> _Exercise directions_: The answer must be every entry below, word for word, with the pictures left out.

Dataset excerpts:
● ● ● ● ● ● ●

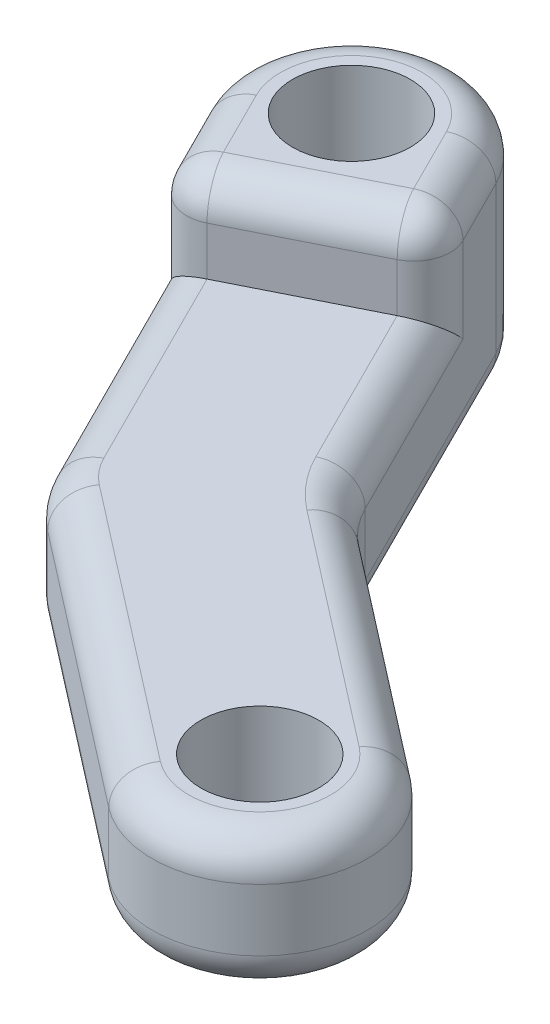
SolidWorks part; units mm, degrees
ref_plane "Front Plane" through (0, 0, 0) normal (0, 0, 1) x (1, 0, 0)
ref_plane "Top Plane" through (0, 0, 0) normal (0, 1, 0) x (1, 0, 0)
ref_plane "Right Plane" through (0, 0, 0) normal (1, 0, 0) x (0, 0, -1)
sketch "Sketch1" plane through (0, 0, 0) normal (0, 1, 0) x (1, 0, 0)
  line L26 (-14.1296, 12.6954) -> (-9.9761, 4.3964)
  line L27 (-9.1294, 3.3665) -> (-1.7902, -2.3132)
  line L28 (-8.8983, 15.3136) -> (-5.3415, 8.2069)
  line L29 (-4.4948, 7.177) -> (1.7902, 2.3132)
  line L30 (-9.6107, 3.8338) -> (-4.976, 7.6443) construction
  line L31 (-11.514, 14.0045) -> (0, 0) construction
  circle A14 centre (-11.514, 14.0045) radius 1.6
  circle A15 centre (0, 0) radius 1.6
  arc A17 (-1.7902, -2.3132) -> (1.7902, 2.3132) centre (0, 0) ccw
  arc A18 (-14.1296, 12.6954) -> (-8.8983, 15.3136) centre (-11.514, 14.0045) cw
  arc A19 (-5.3415, 8.2069) -> (-4.4948, 7.177) centre (-2.6587, 9.5495) ccw
  arc A20 (-9.9761, 4.3964) -> (-9.1294, 3.3665) centre (-7.2934, 5.7391) ccw
  point P3 (-7.2934, 5.7391)
  point P17 (-8.1974, 6.4387)
  point P20 (-5.757, 7.0022)
  dimension "D4" = 5.85
  dimension "D1" = 3
  dimension "D2" = 18.13
  dimension "D3" = 5.85
extrude "Boss-Extrude1" add sketch "Sketch1" along normal blind 6
fillet "Fillet2" radius 1 16 edges at (-4.976, 0, -7.6443) (-4.976, 6, -7.6443) (-1.3523, 0, -4.7451) (2.3132, 0, 1.7902) (-5.4598, 0, -0.5267) (-9.6107, 0, -3.8338) (-12.0529, 0, -8.5459) (-12.8231, 0, -16.6202) (-7.1199, 0, -11.7602) (-1.3523, 6, -4.7451) (2.3132, 6, 1.7902) (-5.4598, 6, -0.5267) (-9.6107, 6, -3.8338) (-12.0529, 6, -8.5459) (-12.8231, 6, -16.6202) (-7.1199, 6, -11.7602)
sketch "Sketch3" plane through (0, 6, 0) normal (0, 1, 0) x (1, 0, 0)
  line L0 (-8.8983, 15.3136) -> (-5.3415, 8.2069) construction
  line L1 (-4.4948, 7.177) -> (1.7902, 2.3132) construction
  line L2 (-1.7902, -2.3132) -> (-9.1294, 3.3665) construction
  line L3 (-9.9761, 4.3964) -> (-14.1296, 12.6954) construction
  line L4 (-6.2357, 7.7593) -> (-9.7925, 14.866)
  line L5 (-13.2354, 13.1429) -> (-9.0819, 4.844)
  line L6 (-8.5174, 4.1574) -> (-1.1781, -1.5224)
  line L7 (1.1781, 1.5224) -> (-5.1068, 6.3862)
  line L8 (-6.2357, 7.7593) -> (-8.4498, 12.1833)
  line L9 (-11.8927, 10.4602) -> (-9.0819, 4.844)
  line L10 (-8.5174, 4.1574) -> (-1.1781, -1.5224)
  line L11 (1.1781, 1.5224) -> (-5.1068, 6.3862)
  line L12 (-7.5556, 12.6308) -> (-5.3415, 8.2069)
  line L13 (-4.4948, 7.177) -> (1.7902, 2.3132)
  line L14 (-1.7902, -2.3132) -> (-9.1294, 3.3665)
  line L15 (-9.9761, 4.3964) -> (-12.787, 10.0126)
  line L16 (-12.787, 10.0126) -> (-7.5556, 12.6308)
  circle A0 centre (-11.514, 14.0045) radius 1.6 construction
  circle A2 centre (0, 0) radius 1.6 construction
  circle A3 centre (0, 0) radius 1.6
  arc A4 (-9.7925, 14.866) -> (-13.2354, 13.1429) centre (-11.514, 14.0045) ccw
  arc A5 (-9.0819, 4.844) -> (-8.5174, 4.1574) centre (-7.2934, 5.7391) ccw
  arc A6 (-1.1781, -1.5224) -> (1.1781, 1.5224) centre (0, 0) ccw
  arc A7 (-6.2357, 7.7593) -> (-5.1068, 6.3862) centre (-2.6587, 9.5495) ccw
  arc A9 (-9.0819, 4.844) -> (-8.5174, 4.1574) centre (-7.2934, 5.7391) ccw
  arc A10 (-1.1781, -1.5224) -> (1.1781, 1.5224) centre (0, 0) ccw
  arc A11 (-6.2357, 7.7593) -> (-5.1068, 6.3862) centre (-2.6587, 9.5495) ccw
  arc A12 (-5.3415, 8.2069) -> (-4.4948, 7.177) centre (-2.6587, 9.5495) ccw construction
  arc A13 (-1.7902, -2.3132) -> (1.7902, 2.3132) centre (0, 0) ccw construction
  arc A14 (-9.9761, 4.3964) -> (-9.1294, 3.3665) centre (-7.2934, 5.7391) ccw construction
  arc A15 (-5.3415, 8.2069) -> (-4.4948, 7.177) centre (-2.6587, 9.5495) ccw
  arc A16 (-1.7902, -2.3132) -> (1.7902, 2.3132) centre (0, 0) ccw
  arc A17 (-9.9761, 4.3964) -> (-9.1294, 3.3665) centre (-7.2934, 5.7391) ccw
  line M11 (-6.2357, 7.7593) -> (-9.7925, 14.866)
  line M13 (-13.2354, 13.1429) -> (-9.0819, 4.844)
  arc M14 (-9.0819, 4.844) -> (-8.5174, 4.1574) centre (-7.2934, 5.7391) ccw
  line M15 (-8.5174, 4.1574) -> (-1.1781, -1.5224)
  arc M16 (-1.1781, -1.5224) -> (1.1781, 1.5224) centre (0, 0) ccw
  line M17 (1.1781, 1.5224) -> (-5.1068, 6.3862)
  arc M18 (-5.1068, 6.3862) -> (-6.2357, 7.7593) centre (-2.6587, 9.5495) cw
  circle M20 centre (0, 0) radius 1.6
  dimension "D2" = 3
  dimension "D1" = 0
extrude "Cut-Extrude1" cut sketch "Sketch3" against normal blind 2.3175 contours L16 M13 M14 M15 M16 M17 M18 M11 M20 | L15 A17 L14 A16 L13 A15 L12 L16 M11 M18 M17 M16 M15 M14 M13
fillet "Fillet3" radius 1 7 edges at (-11.3816, 3.6825, -7.2045) (-9.6107, 3.6825, -3.8338) (-5.4598, 3.6825, -0.5267) (-6.4485, 3.6825, -10.4188) (-4.976, 3.6825, -7.6443) (-1.3523, 3.6825, -4.7451) (2.3132, 3.6825, 1.7902)
fillet "Fillet4" radius 1 5 edges at (-12.525, 5.7071, -10.1437) (-10.1713, 6, -11.3217) (-7.8175, 5.7071, -12.4998) (-12.787, 3.8413, -10.0126) (-7.5556, 3.8413, -12.6308)

● ● ● ● ● ● ●

> _Result below_:
SolidWorks part; units mm, degrees
ref_plane "Front Plane" through (0, 0, 0) normal (0, 0, 1) x (1, 0, 0)
ref_plane "Top Plane" through (0, 0, 0) normal (0, 1, 0) x (1, 0, 0)
ref_plane "Right Plane" through (0, 0, 0) normal (1, 0, 0) x (0, 0, -1)
sketch "Sketch1" plane through (0, 0, 0) normal (0, 1, 0) x (1, 0, 0)
  line L26 (-14.1296, 12.6954) -> (-9.9761, 4.3964)
  line L27 (-9.1294, 3.3665) -> (-1.7902, -2.3132)
  line L28 (-8.8983, 15.3136) -> (-5.3415, 8.2069)
  line L29 (-4.4948, 7.177) -> (1.7902, 2.3132)
  line L30 (-9.6107, 3.8338) -> (-4.976, 7.6443) construction
  line L31 (-11.514, 14.0045) -> (0, 0) construction
  circle A14 centre (-11.514, 14.0045) radius 1.6
  circle A15 centre (0, 0) radius 1.6
  arc A17 (-1.7902, -2.3132) -> (1.7902, 2.3132) centre (0, 0) ccw
  arc A18 (-14.1296, 12.6954) -> (-8.8983, 15.3136) centre (-11.514, 14.0045) cw
  arc A19 (-5.3415, 8.2069) -> (-4.4948, 7.177) centre (-2.6587, 9.5495) ccw
  arc A20 (-9.9761, 4.3964) -> (-9.1294, 3.3665) centre (-7.2934, 5.7391) ccw
  point P3 (-7.2934, 5.7391)
  point P17 (-8.1974, 6.4387)
  point P20 (-5.757, 7.0022)
  dimension "D4" = 5.85
  dimension "D1" = 3
  dimension "D2" = 18.13
  dimension "D3" = 5.85
extrude "Boss-Extrude1" add sketch "Sketch1" along normal blind 6
fillet "Fillet2" radius 1 16 edges at (-4.976, 0, -7.6443) (-4.976, 6, -7.6443) (-1.3523, 0, -4.7451) (2.3132, 0, 1.7902) (-5.4598, 0, -0.5267) (-9.6107, 0, -3.8338) (-12.0529, 0, -8.5459) (-12.8231, 0, -16.6202) (-7.1199, 0, -11.7602) (-1.3523, 6, -4.7451) (2.3132, 6, 1.7902) (-5.4598, 6, -0.5267) (-9.6107, 6, -3.8338) (-12.0529, 6, -8.5459) (-12.8231, 6, -16.6202) (-7.1199, 6, -11.7602)
sketch "Sketch3" plane through (0, 6, 0) normal (0, 1, 0) x (1, 0, 0)
  line L0 (-8.8983, 15.3136) -> (-5.3415, 8.2069) construction
  line L1 (-4.4948, 7.177) -> (1.7902, 2.3132) construction
  line L2 (-1.7902, -2.3132) -> (-9.1294, 3.3665) construction
  line L3 (-9.9761, 4.3964) -> (-14.1296, 12.6954) construction
  line L4 (-6.2357, 7.7593) -> (-9.7925, 14.866)
  line L5 (-13.2354, 13.1429) -> (-9.0819, 4.844)
  line L6 (-8.5174, 4.1574) -> (-1.1781, -1.5224)
  line L7 (1.1781, 1.5224) -> (-5.1068, 6.3862)
  line L8 (-6.2357, 7.7593) -> (-8.4498, 12.1833)
  line L9 (-11.8927, 10.4602) -> (-9.0819, 4.844)
  line L10 (-8.5174, 4.1574) -> (-1.1781, -1.5224)
  line L11 (1.1781, 1.5224) -> (-5.1068, 6.3862)
  line L12 (-7.5556, 12.6308) -> (-5.3415, 8.2069)
  line L13 (-4.4948, 7.177) -> (1.7902, 2.3132)
  line L14 (-1.7902, -2.3132) -> (-9.1294, 3.3665)
  line L15 (-9.9761, 4.3964) -> (-12.787, 10.0126)
  line L16 (-12.787, 10.0126) -> (-7.5556, 12.6308)
  circle A0 centre (-11.514, 14.0045) radius 1.6 construction
  circle A2 centre (0, 0) radius 1.6 construction
  circle A3 centre (0, 0) radius 1.6
  arc A4 (-9.7925, 14.866) -> (-13.2354, 13.1429) centre (-11.514, 14.0045) ccw
  arc A5 (-9.0819, 4.844) -> (-8.5174, 4.1574) centre (-7.2934, 5.7391) ccw
  arc A6 (-1.1781, -1.5224) -> (1.1781, 1.5224) centre (0, 0) ccw
  arc A7 (-6.2357, 7.7593) -> (-5.1068, 6.3862) centre (-2.6587, 9.5495) ccw
  arc A9 (-9.0819, 4.844) -> (-8.5174, 4.1574) centre (-7.2934, 5.7391) ccw
  arc A10 (-1.1781, -1.5224) -> (1.1781, 1.5224) centre (0, 0) ccw
  arc A11 (-6.2357, 7.7593) -> (-5.1068, 6.3862) centre (-2.6587, 9.5495) ccw
  arc A12 (-5.3415, 8.2069) -> (-4.4948, 7.177) centre (-2.6587, 9.5495) ccw construction
  arc A13 (-1.7902, -2.3132) -> (1.7902, 2.3132) centre (0, 0) ccw construction
  arc A14 (-9.9761, 4.3964) -> (-9.1294, 3.3665) centre (-7.2934, 5.7391) ccw construction
  arc A15 (-5.3415, 8.2069) -> (-4.4948, 7.177) centre (-2.6587, 9.5495) ccw
  arc A16 (-1.7902, -2.3132) -> (1.7902, 2.3132) centre (0, 0) ccw
  arc A17 (-9.9761, 4.3964) -> (-9.1294, 3.3665) centre (-7.2934, 5.7391) ccw
  line M11 (-6.2357, 7.7593) -> (-9.7925, 14.866)
  line M13 (-13.2354, 13.1429) -> (-9.0819, 4.844)
  arc M14 (-9.0819, 4.844) -> (-8.5174, 4.1574) centre (-7.2934, 5.7391) ccw
  line M15 (-8.5174, 4.1574) -> (-1.1781, -1.5224)
  arc M16 (-1.1781, -1.5224) -> (1.1781, 1.5224) centre (0, 0) ccw
  line M17 (1.1781, 1.5224) -> (-5.1068, 6.3862)
  arc M18 (-5.1068, 6.3862) -> (-6.2357, 7.7593) centre (-2.6587, 9.5495) cw
  circle M20 centre (0, 0) radius 1.6
  dimension "D2" = 3
  dimension "D1" = 0
extrude "Cut-Extrude1" cut sketch "Sketch3" against normal blind 2.3175 contours L16 M13 M14 M15 M16 M17 M18 M11 M20 | L15 A17 L14 A16 L13 A15 L12 L16 M11 M18 M17 M16 M15 M14 M13
fillet "Fillet3" radius 1 7 edges at (-11.3816, 3.6825, -7.2045) (-9.6107, 3.6825, -3.8338) (-5.4598, 3.6825, -0.5267) (-6.4485, 3.6825, -10.4188) (-4.976, 3.6825, -7.6443) (-1.3523, 3.6825, -4.7451) (2.3132, 3.6825, 1.7902)
fillet "Fillet4" radius 1 5 edges at (-12.525, 5.7071, -10.1437) (-10.1713, 6, -11.3217) (-7.8175, 5.7071, -12.4998) (-12.787, 3.8413, -10.0126) (-7.5556, 3.8413, -12.6308)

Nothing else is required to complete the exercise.